Exercise description:
Read the records below and copy each line that contains "shoulder".

Given data:
=== Begin Enclosure ===

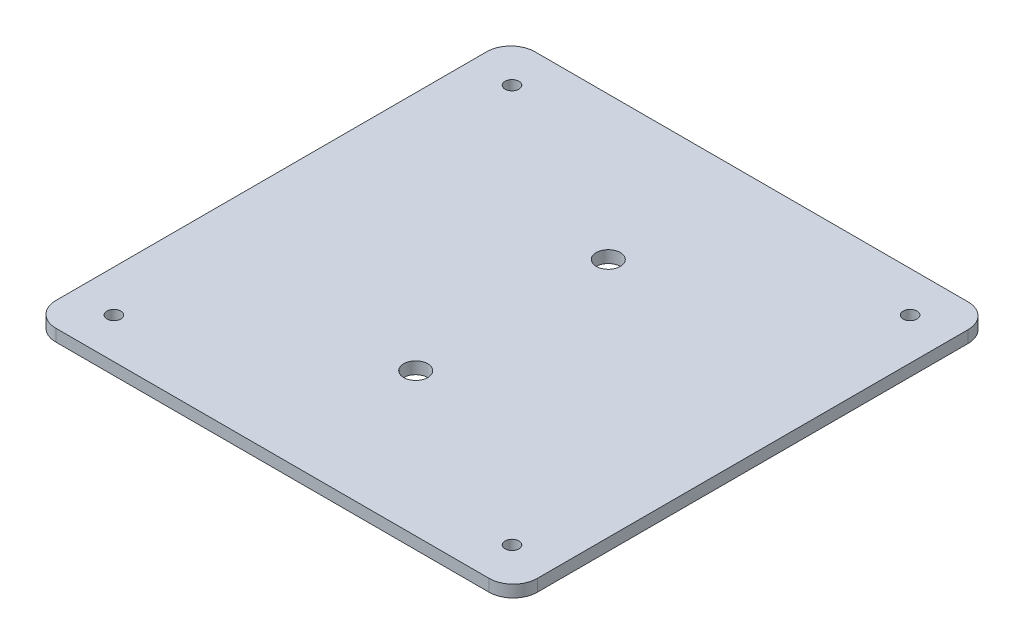
SolidWorks part; units mm, degrees
material "Acrylic (Medium-high impact)"
ref_plane "Front" through (0, 0, 0) normal (0, 0, 1) x (1, 0, 0)
ref_plane "Top" through (0, 0, 0) normal (0, 1, 0) x (1, 0, 0)
ref_plane "Right" through (0, 0, 0) normal (1, 0, 0) x (0, 0, -1)
sketch "Sketch1" plane through (0, 0, 0) normal (0, 1, 0) x (1, 0, 0)
  line L0 (0, 0) -> (0, 25.4) construction
  line L1 (-52.5145, 52.5145) -> (52.5145, 52.5145) construction
  line L2 (-52.5145, 52.5145) -> (-52.5145, -52.5145) construction
  line L3 (-52.5145, -52.5145) -> (52.5145, -52.5145) construction
  line L4 (52.5145, 52.5145) -> (52.5145, -52.5145) construction
  line L5 (-52.5145, 52.5145) -> (52.5145, -52.5145) construction
  line L6 (-52.5145, -52.5145) -> (52.5145, 52.5145) construction
  line L7 (-63.5, 63.1798) -> (63.5, 63.1798)
  line L8 (-63.5, 63.1798) -> (-63.5, -63.1798)
  line L9 (-63.5, -63.1798) -> (63.5, -63.1798)
  line L10 (63.5, 63.1798) -> (63.5, -63.1798)
  line L11 (-63.5, 63.1798) -> (63.5, -63.1798) construction
  line L12 (-63.5, -63.1798) -> (63.5, 63.1798) construction
  line L13 (-25.4, 25.4) -> (25.4, 25.4) construction
  line L14 (-25.4, 25.4) -> (-25.4, -25.4) construction
  line L15 (-25.4, -25.4) -> (25.4, -25.4) construction
  line L16 (25.4, 25.4) -> (25.4, -25.4) construction
  line L17 (-25.4, 25.4) -> (25.4, -25.4) construction
  line L18 (-25.4, -25.4) -> (25.4, 25.4) construction
  line L19 (0, 0) -> (0, -25.4) construction
  circle A0 centre (-52.5145, 52.5145) radius 1.8288
  circle A1 centre (52.5145, 52.5145) radius 1.8288
  circle A2 centre (52.5145, -52.5145) radius 1.8288
  circle A3 centre (-52.5145, -52.5145) radius 1.8288
  circle A4 centre (-25.4, 25.4) radius 3.175 construction
  circle A5 centre (25.4, 25.4) radius 3.175 construction
  circle A6 centre (25.4, -25.4) radius 3.175 construction
  circle A7 centre (-25.4, -25.4) radius 3.175 construction
  circle A8 centre (0, 0) radius 3.175 construction
  circle A9 centre (0, 25.4) radius 3.175
  circle A10 centre (0, -25.4) radius 3.175
  point P0 (0, 0)
  point P10 (0, 0)
  point P15 (0, 0)
  dimension "D3" = 3.6576
  dimension "D8" = 6.35
  dimension "D9" = 6.35
  dimension "D1" = 105.029
  dimension "D2" = 105.029
  dimension "D4" = 127
  dimension "D5" = 126.3596
  dimension "D6" = 50.8
  dimension "D7" = 50.8
  dimension "D10" = 50.8
extrude "Boss-Extrude1" add sketch "Sketch1" along normal blind 3.175
fillet "Fillet1" radius 6.35 4 edges at (-63.5, 1.5875, -63.1798) (63.5, 1.5875, -63.1798) (63.5, 1.5875, 63.1798) (-63.5, 1.5875, 63.1798)
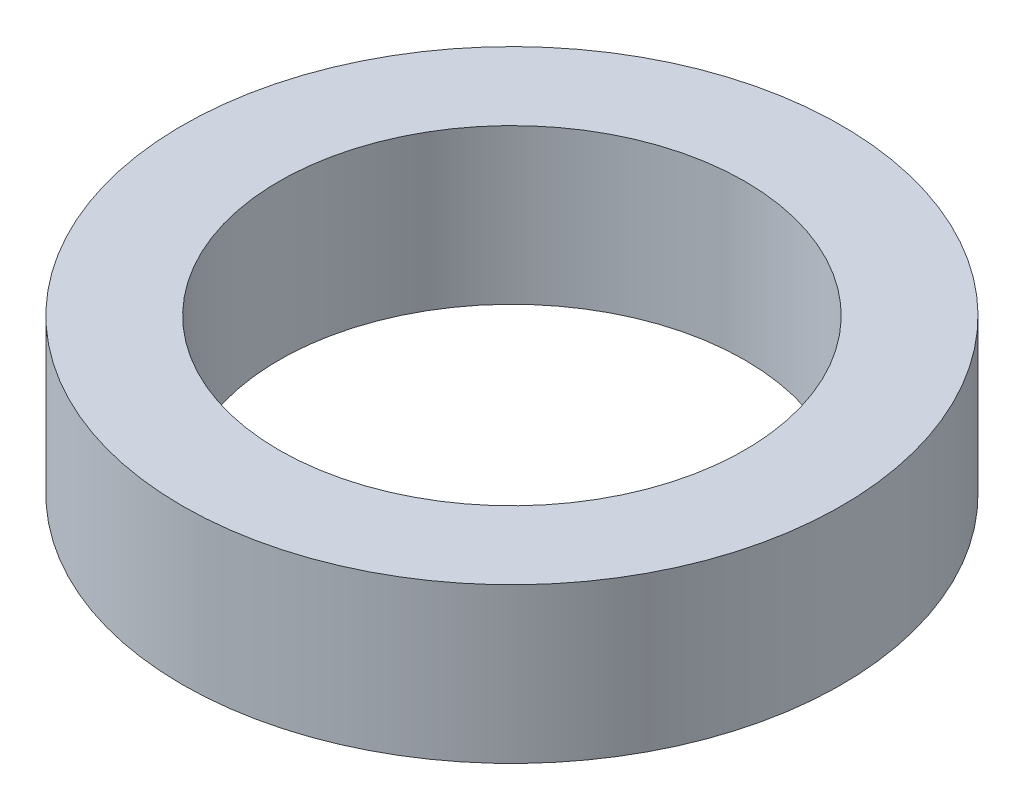
SolidWorks part; units mm, degrees
material "PP Copolymer"
ref_plane "Front Plane" through (0, 0, 0) normal (0, 0, 1) x (1, 0, 0)
ref_plane "Top Plane" through (0, 0, 0) normal (0, 1, 0) x (1, 0, 0)
ref_plane "Right Plane" through (0, 0, 0) normal (1, 0, 0) x (0, 0, -1)
sketch "Sketch2" plane through (0, 0, 0) normal (0, 1, 0) x (1, 0, 0)
  circle A0 centre (0, 0) radius 76.4286
  circle A1 centre (0, 0) radius 108.1786
  dimension "D1" = 152.8572
  dimension "D2" = 31.75
extrude "Boss-Extrude1" add sketch "Sketch2" along normal blind 50.8
equation "\"shoulder offset\"= 1.25"
equation "\"ID\"=5.998"
equation "\"L\" = 2"
equation "\"D1@Sketch2\"=\"ID\"+\"ID offset\""
equation "\"D2@Sketch2\"=\"shoulder offset\""
equation "\"D1@Boss-Extrude1\"=\"L\""
equation "\"ID offset\"= 0.02"

=== End Enclosure ===

The answer:
equation "\"shoulder offset\"= 1.25"
equation "\"D2@Sketch2\"=\"shoulder offset\""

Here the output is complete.